### [Exercise details]
The listing below must be repeated word for word, with its images excluded.

### [Supplied data]
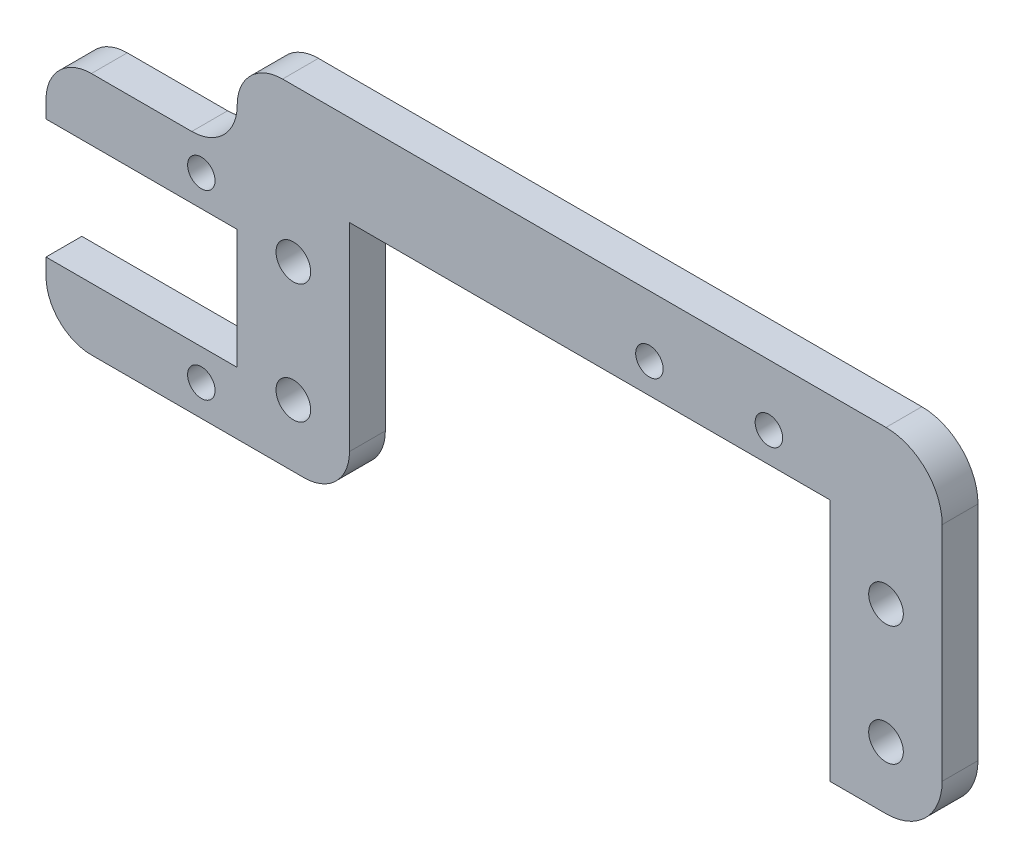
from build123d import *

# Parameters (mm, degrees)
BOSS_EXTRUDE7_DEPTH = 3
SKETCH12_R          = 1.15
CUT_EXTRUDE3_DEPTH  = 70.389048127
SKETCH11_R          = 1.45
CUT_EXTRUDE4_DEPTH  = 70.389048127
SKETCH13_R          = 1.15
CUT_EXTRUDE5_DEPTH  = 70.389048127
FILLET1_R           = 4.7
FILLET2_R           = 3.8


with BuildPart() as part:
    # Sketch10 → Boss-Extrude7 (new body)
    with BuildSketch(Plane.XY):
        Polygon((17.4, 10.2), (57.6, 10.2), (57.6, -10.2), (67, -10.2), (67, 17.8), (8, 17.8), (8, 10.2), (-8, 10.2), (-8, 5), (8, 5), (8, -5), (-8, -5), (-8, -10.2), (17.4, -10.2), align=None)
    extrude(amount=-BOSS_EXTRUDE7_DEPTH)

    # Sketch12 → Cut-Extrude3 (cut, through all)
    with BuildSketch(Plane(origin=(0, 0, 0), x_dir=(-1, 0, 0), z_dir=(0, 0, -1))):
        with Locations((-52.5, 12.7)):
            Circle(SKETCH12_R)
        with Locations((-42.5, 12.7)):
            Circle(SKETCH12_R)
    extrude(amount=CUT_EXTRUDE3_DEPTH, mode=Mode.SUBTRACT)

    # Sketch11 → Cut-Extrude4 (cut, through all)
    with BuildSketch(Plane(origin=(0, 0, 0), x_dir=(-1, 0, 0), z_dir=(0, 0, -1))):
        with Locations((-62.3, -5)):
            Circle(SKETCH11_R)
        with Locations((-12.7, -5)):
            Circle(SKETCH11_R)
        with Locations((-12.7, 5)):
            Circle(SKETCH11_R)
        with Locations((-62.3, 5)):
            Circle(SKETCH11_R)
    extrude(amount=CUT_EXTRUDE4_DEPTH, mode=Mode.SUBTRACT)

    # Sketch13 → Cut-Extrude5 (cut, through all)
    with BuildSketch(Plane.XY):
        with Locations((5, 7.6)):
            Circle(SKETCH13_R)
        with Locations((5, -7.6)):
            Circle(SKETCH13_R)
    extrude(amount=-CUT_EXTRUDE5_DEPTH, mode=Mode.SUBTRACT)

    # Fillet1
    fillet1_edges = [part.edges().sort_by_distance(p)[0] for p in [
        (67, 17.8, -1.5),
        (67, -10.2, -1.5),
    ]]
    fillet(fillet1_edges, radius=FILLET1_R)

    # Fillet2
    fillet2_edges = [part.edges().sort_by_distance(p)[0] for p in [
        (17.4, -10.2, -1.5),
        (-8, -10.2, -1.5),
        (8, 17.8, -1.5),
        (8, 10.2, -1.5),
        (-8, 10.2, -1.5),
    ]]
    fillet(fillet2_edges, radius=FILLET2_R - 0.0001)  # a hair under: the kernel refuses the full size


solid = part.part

### [Result for this exercise]
from build123d import *

# Parameters (mm, degrees)
BOSS_EXTRUDE7_DEPTH = 3
SKETCH12_R          = 1.15
CUT_EXTRUDE3_DEPTH  = 70.389048127
SKETCH11_R          = 1.45
CUT_EXTRUDE4_DEPTH  = 70.389048127
SKETCH13_R          = 1.15
CUT_EXTRUDE5_DEPTH  = 70.389048127
FILLET1_R           = 4.7
FILLET2_R           = 3.8


with BuildPart() as part:
    # Sketch10 → Boss-Extrude7 (new body)
    with BuildSketch(Plane.XY):
        Polygon((17.4, 10.2), (57.6, 10.2), (57.6, -10.2), (67, -10.2), (67, 17.8), (8, 17.8), (8, 10.2), (-8, 10.2), (-8, 5), (8, 5), (8, -5), (-8, -5), (-8, -10.2), (17.4, -10.2), align=None)
    extrude(amount=-BOSS_EXTRUDE7_DEPTH)

    # Sketch12 → Cut-Extrude3 (cut, through all)
    with BuildSketch(Plane(origin=(0, 0, 0), x_dir=(-1, 0, 0), z_dir=(0, 0, -1))):
        with Locations((-52.5, 12.7)):
            Circle(SKETCH12_R)
        with Locations((-42.5, 12.7)):
            Circle(SKETCH12_R)
    extrude(amount=CUT_EXTRUDE3_DEPTH, mode=Mode.SUBTRACT)

    # Sketch11 → Cut-Extrude4 (cut, through all)
    with BuildSketch(Plane(origin=(0, 0, 0), x_dir=(-1, 0, 0), z_dir=(0, 0, -1))):
        with Locations((-62.3, -5)):
            Circle(SKETCH11_R)
        with Locations((-12.7, -5)):
            Circle(SKETCH11_R)
        with Locations((-12.7, 5)):
            Circle(SKETCH11_R)
        with Locations((-62.3, 5)):
            Circle(SKETCH11_R)
    extrude(amount=CUT_EXTRUDE4_DEPTH, mode=Mode.SUBTRACT)

    # Sketch13 → Cut-Extrude5 (cut, through all)
    with BuildSketch(Plane.XY):
        with Locations((5, 7.6)):
            Circle(SKETCH13_R)
        with Locations((5, -7.6)):
            Circle(SKETCH13_R)
    extrude(amount=-CUT_EXTRUDE5_DEPTH, mode=Mode.SUBTRACT)

    # Fillet1
    fillet1_edges = [part.edges().sort_by_distance(p)[0] for p in [
        (67, 17.8, -1.5),
        (67, -10.2, -1.5),
    ]]
    fillet(fillet1_edges, radius=FILLET1_R)

    # Fillet2
    fillet2_edges = [part.edges().sort_by_distance(p)[0] for p in [
        (17.4, -10.2, -1.5),
        (-8, -10.2, -1.5),
        (8, 17.8, -1.5),
        (8, 10.2, -1.5),
        (-8, 10.2, -1.5),
    ]]
    fillet(fillet2_edges, radius=FILLET2_R - 0.0001)  # a hair under: the kernel refuses the full size


solid = part.part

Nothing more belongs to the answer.